Page 4 of Run to Me
She walked home alone again.
At night.
In New York fucking City.
I swear my angel is trying to give me a fucking heart attack.
Does she not realize what goes on at night in this city? Does she not understand the danger she’s putting herself in?
She walked home at one a.m. for fuck’s sake!
It’s a good thing she has me to look out for her.
Luckily, dinner at my father’s didn’t last too long. I left as soon as Luca and Izzy did, not wanting to hang around. It was bad enough that I had to take time away from Robyn during the day so I could do odd jobs for my dad, I didn’t want to be at dinner too late in case she needed me.
And it’s a good thing I left early, because there’s no way in hell I would have survived if she had to walk home alone without me watching her.
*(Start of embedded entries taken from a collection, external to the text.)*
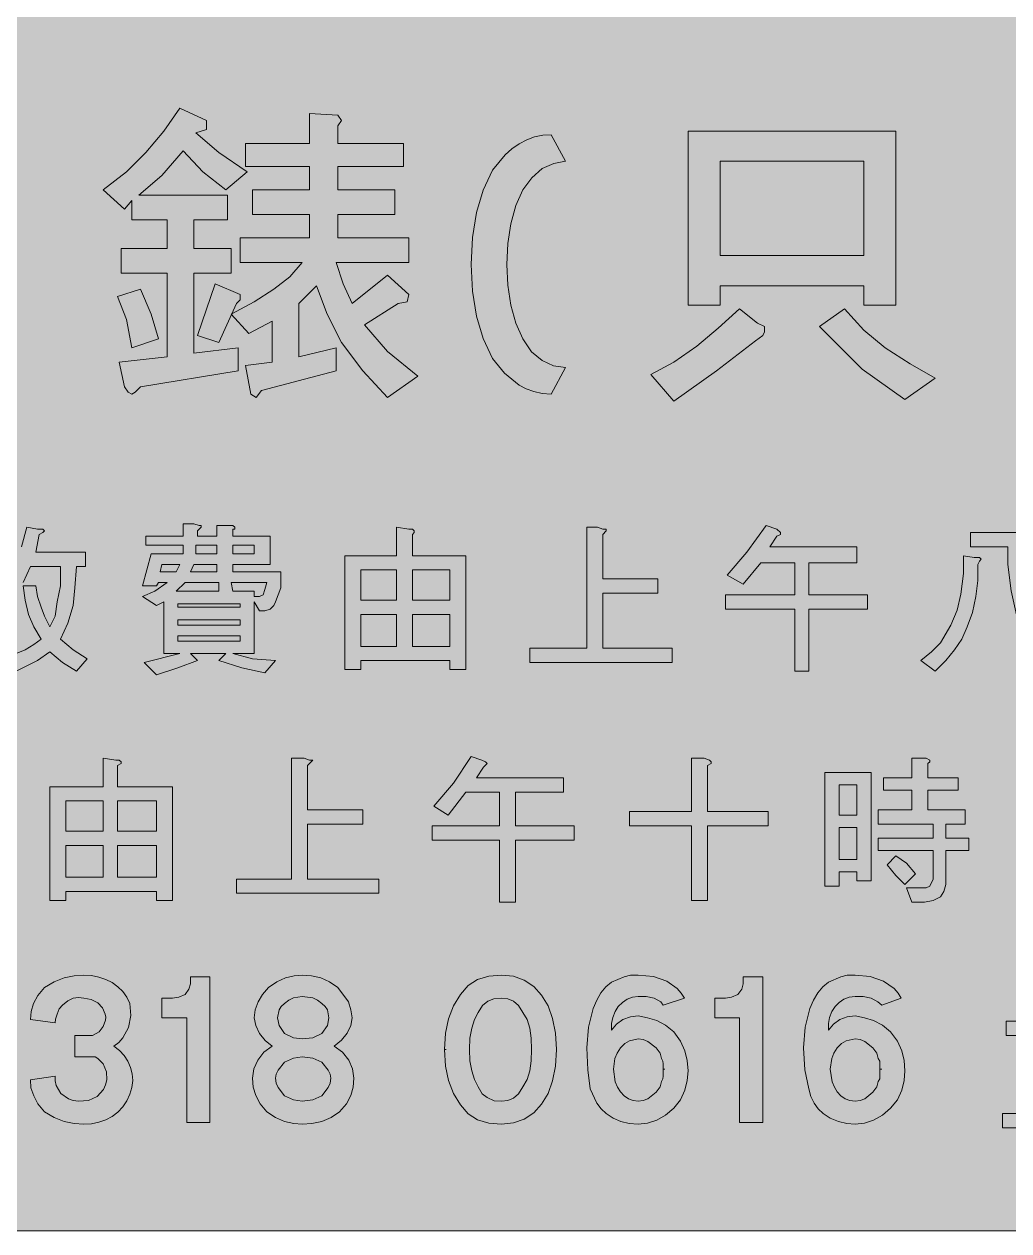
# Model space of a CAD drawing. Header units: metres. Extents: x 10 to 559, y 12 to 260.
# Drawn here: x 246 to 345.7, y 11.9 to 134.1 of the extents above; entities that cross this region are included whole.
import ezdxf

# ---------------------------------------------------------------- set-up
doc = ezdxf.new("R2010")
doc.units = ezdxf.units.M
for name, color, linetype, true_color in [('FILL_BLACK_000000', 7, 'Continuous', 0x000000), ('FILL_YELLOW_FFFF00', 7, 'Continuous', 0xffff00), ('STROKE_BLACK_000000', 7, 'Continuous', 0x000000)]:
    doc.layers.add(name, color=color, linetype=linetype, true_color=true_color)

msp = doc.modelspace()

# ---------------------------------------------------------------- hatches: boundary and pattern name
at = {"layer": 'FILL_BLACK_000000', "true_color": 0x000000}
h = msp.add_hatch(color=7, dxfattribs=at)
h.dxf.hatch_style = 1
h.paths.add_polyline_path([(256.32, 119.16), (258.3, 121.14), (260.1, 123.3), (261.72, 125.64), (264.42, 124.38), (264.42, 123.48), (263.88, 123.3), (263.34, 123.12), (265.68, 121.14), (268.56, 119.16), (266.4, 117.36), (264.06, 119.16), (262.08, 121.32), (259.92, 118.8), (257.58, 116.82), (266.58, 116.82), (266.58, 114.3), (263.16, 114.3), (263.16, 111.42), (266.94, 111.42), (266.94, 108.9), (263.16, 108.9), (263.16, 100.8), (267.66, 101.34), (267.66, 99), (257.76, 97.38), (257.22, 96.84), (256.86, 96.66), (256.5, 96.84), (256.14, 97.38), (255.6, 99.9), (260.46, 100.44), (260.46, 108.9), (255.78, 108.9), (255.78, 111.42), (260.46, 111.42), (260.46, 114.3), (256.86, 114.3), (256.86, 116.28), (256.14, 115.38), (253.98, 117.36), (256.32, 119.16)])
h = msp.add_hatch(color=7, dxfattribs=at)
h.dxf.hatch_style = 1
h.paths.add_polyline_path([(274.86, 122.04), (274.86, 125.1), (277.74, 124.92), (278.1, 124.38), (277.74, 123.84), (277.74, 122.04), (284.4, 122.04), (284.4, 119.7), (277.74, 119.7), (277.74, 117.36), (283.5, 117.36), (283.5, 114.84), (277.74, 114.84), (277.74, 112.5), (284.94, 112.5), (284.94, 109.98), (277.56, 109.98), (278.28, 107.82), (279.18, 105.84), (282.78, 108.72), (284.94, 106.74), (284.76, 106.02), (283.86, 105.84), (280.44, 103.68), (282.78, 100.98), (285.84, 98.46), (282.78, 96.3), (280.26, 99), (278.1, 101.88), (276.66, 104.76), (275.58, 107.64), (273.78, 105.84), (273.78, 100.44), (277.56, 101.34), (277.56, 99), (270, 97.02), (269.46, 96.3), (268.92, 96.66), (268.38, 99.54), (271.08, 99.9), (271.08, 104.04), (268.74, 102.78), (266.94, 104.76), (269.28, 106.02), (271.26, 107.28), (272.88, 108.54), (274.14, 109.98), (267.84, 109.98), (267.84, 112.5), (274.86, 112.5), (274.86, 114.84), (269.1, 114.84), (269.1, 117.36), (274.86, 117.36), (274.86, 119.7), (268.38, 119.7), (268.38, 122.04), (274.86, 122.04)])
h = msp.add_hatch(color=7, dxfattribs=at)
h.dxf.hatch_style = 1
h.paths.add_polyline_path([(299.34, 96.66), (298.43, 96.72), (297.58, 96.91), (296.81, 97.19), (296.1, 97.56), (294.61, 98.77), (293.4, 100.26), (292.45, 102.28), (291.78, 104.56), (291.37, 107.07), (291.24, 109.8), (291.37, 112.53), (291.78, 115.04), (292.45, 117.32), (293.4, 119.34), (294.68, 120.89), (295.37, 121.51), (296.1, 122.02), (296.86, 122.42), (297.65, 122.71), (298.48, 122.88), (299.34, 122.94), (300.78, 120.24), (299.61, 120.01), (298.44, 119.52), (297.38, 118.57), (296.46, 117.36), (295.75, 115.75), (295.24, 113.92), (294.94, 111.92), (294.84, 109.8), (294.94, 107.68), (295.24, 105.68), (295.75, 103.85), (296.46, 102.24), (297.36, 100.95), (298.42, 100.06), (299.57, 99.53), (300.78, 99.36), (299.34, 96.66)])
h = msp.add_hatch(color=7, dxfattribs=at)
h.dxf.hatch_style = 1
h.paths.add_polyline_path([(334.26, 105.66), (331.02, 105.66), (331.02, 107.64), (316.44, 107.64), (316.44, 105.66), (313.2, 105.66), (313.2, 123.3), (334.26, 123.3), (334.26, 105.66)])
h.paths.add_polyline_path([(331.02, 120.24), (316.44, 120.24), (316.44, 110.7), (331.02, 110.7), (331.02, 120.24)], flags=16)
h = msp.add_hatch(color=7, dxfattribs=at)
h.dxf.hatch_style = 1
h.paths.add_polyline_path([(265.32, 107.82), (267.84, 106.74), (267.84, 106.2), (267.48, 105.84), (265.68, 101.88), (263.52, 102.6), (265.32, 107.82)])
h = msp.add_hatch(color=7, dxfattribs=at)
h.dxf.hatch_style = 1
h.paths.add_polyline_path([(258.84, 104.76), (259.56, 102.24), (256.86, 101.34), (256.32, 104.22), (255.42, 106.56), (257.76, 107.28), (258.84, 104.76)])
h = msp.add_hatch(color=7, dxfattribs=at)
h.dxf.hatch_style = 1
h.paths.add_polyline_path([(320.94, 103.5), (320.94, 102.96), (320.76, 102.6), (320.04, 102.06), (316.08, 99), (311.76, 95.94), (309.42, 98.64), (311.76, 99.9), (314.1, 101.52), (316.26, 103.32), (318.42, 105.3), (320.22, 103.86), (320.94, 103.5)])
h = msp.add_hatch(color=7, dxfattribs=at)
h.dxf.hatch_style = 1
h.paths.add_polyline_path([(331.02, 103.14), (333.18, 101.34), (335.7, 99.72), (338.22, 98.28), (335.16, 96.12), (330.84, 99.18), (326.52, 103.5), (329.04, 105.3), (331.02, 103.14)])
h = msp.add_hatch(color=7, dxfattribs=at)
h.dxf.hatch_style = 1
h.paths.add_polyline_path([(244.44, 78.12), (245.16, 79.56), (245.7, 81.18), (246.24, 83.16), (247.32, 82.98), (247.86, 82.98), (248.04, 82.8), (247.86, 82.62), (247.5, 82.44), (247.14, 80.64), (252.18, 80.64), (252.18, 79.2), (251.28, 79.2), (251.1, 77.04), (250.92, 75.24), (250.38, 73.44), (249.66, 71.82), (250.92, 70.74), (252.36, 69.84), (251.28, 68.58), (249.84, 69.48), (248.58, 70.56), (247.32, 69.66), (245.16, 68.58), (244.26, 70.02), (246.06, 70.74), (246.96, 71.28), (247.68, 71.82), (246.96, 73.08), (246.42, 74.34), (246.06, 75.78), (245.88, 77.22), (247.14, 77.22), (247.32, 76.14), (247.68, 75.06), (248.04, 74.16), (248.58, 73.08), (249.12, 74.16), (249.3, 75.6), (249.66, 77.22), (249.66, 79.2), (246.6, 79.2), (245.88, 77.58), (244.8, 75.78), (243.54, 76.86), (244.44, 78.12)])
h = msp.add_hatch(color=7, dxfattribs=at)
h.dxf.hatch_style = 1
h.paths.add_polyline_path([(265.5, 83.34), (267.12, 83.34), (267.3, 83.16), (267.3, 82.98), (267.12, 82.98), (267.12, 82.26), (270.9, 82.26), (270.9, 79.38), (267.12, 79.38), (267.12, 78.66), (271.98, 78.66), (271.98, 77.04), (271.44, 75.6), (271.26, 75.24), (270.9, 74.88), (270.36, 74.7), (269.82, 74.7), (269.28, 75.6), (269.28, 70.38), (267.12, 70.38), (269.1, 69.84), (271.44, 69.66), (270.36, 68.4), (268.02, 68.94), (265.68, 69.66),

I can tell she’s starting to realize she has someone watching her, following her. I don’t want to scare her, but I’m also not going to stop doing what I’m doing.
What if I stop following her because she’s uncomfortable and something happens to her? I’d never fucking forgive myself.
My whole family think I’ve gone off the deep end. I can tell they’re worried, though they were worrying for the wrong reasons. Apparently, Dad had asked Luca to check in with me and make sure I wasn’t going to hurt her.
Fucking hurt her.
I’d never hurt her, I want to cherish her, protect her, be her motherfucking knight in shadowed armor, watching over her.
It’s been a month since I first laid eyes on her. The first few days after the night at the club were hell. I had no idea how to track her down, how to figure out who she was and where I could find her. Luckily, my new sister-in-law—who it turns out isn’t the spoiled Mafia princess we were all expecting—seems to be some sort of tech whiz and helped me out by hacking the clubs’ cameras.
It turns out that Izzy is the complete opposite of the woman we thought she was. That became clear on the night of hers and Luca’s wedding, when she took Luca to a cabin in the middle of nowhere to show him the three men she had tied up in a basement. I like her. She’s good for my brother, and has been giving me good advice on Robyn, since I’m pretty fucking clueless when it comes to women.
My obsession with her only escalated after I knew more about her from Izzy. Once I knew her name and where she worked and lived, I started parking on the corner of the street at night to make sure she was staying inside where it was safe. Then it escalated, andI started driving this way during the day, slowing down just enough to get a glimpse of her.
She has a bad fucking habit of walking home from her friend’s house at night, so I make sure to be around in the evenings so I can see if she’s leaving her apartment because there’s no way in fuck I’d ever just leave her on her own.
My angel isn’t alone anymore. She may not know me, she may not have any idea of the full depths I’m going to for her, but she isn’t fucking alone. She never will be, if I have anything to say about it.
She’s the most precious thing I’ve ever seen, and I’ll be damned if I let anyone get near her.
Luckily, she doesn’t seem to be interested in dating, because if I had to see her with another man? I’d lose my fucking shit and probably end up gutting him right in front of her.
I really don’t think she would appreciate that.
As much as I enjoy watching her, I need to get fucking close to her but I can’t get too close; I don’t want to bring her into my life. I don’t want to put her in danger, but I also can’t stand not being able to see her up close. Which is why I bombarded Izzy with questions at dinner about what she likes to do in her free time. I needed an excuse to take her to the bookstore, since I don’t have a fucking clue about what books are good to read, I need my sister-in-law there as a buffer.
And I’ll finally get to see my angel up close, I’ll be able to look into her eyes. I’ll be able to talk to her, hear her voice. Maybe I’ll even get close enough to find out what she smells like?
I’ve thought about breaking into her apartment when she’s not home, but I’ve somehow managed to restrain myself, knowing if I do that, there will be no coming back from it. I’ll end up breaking in every fucking day, whether she’s home or not.
And then I really will spiral out of control.
The chaos has been absent lately, my need to create mayhem obsolete since I’ve been watching her.
It comes back sometimes when I’m away from her for an extended period of time. But when I’m in her vicinity, I’m at peace.
And it turns out peace is really fucking nice.
“Are you nervous?” Izzy asks from beside me as we grow closer to our destination.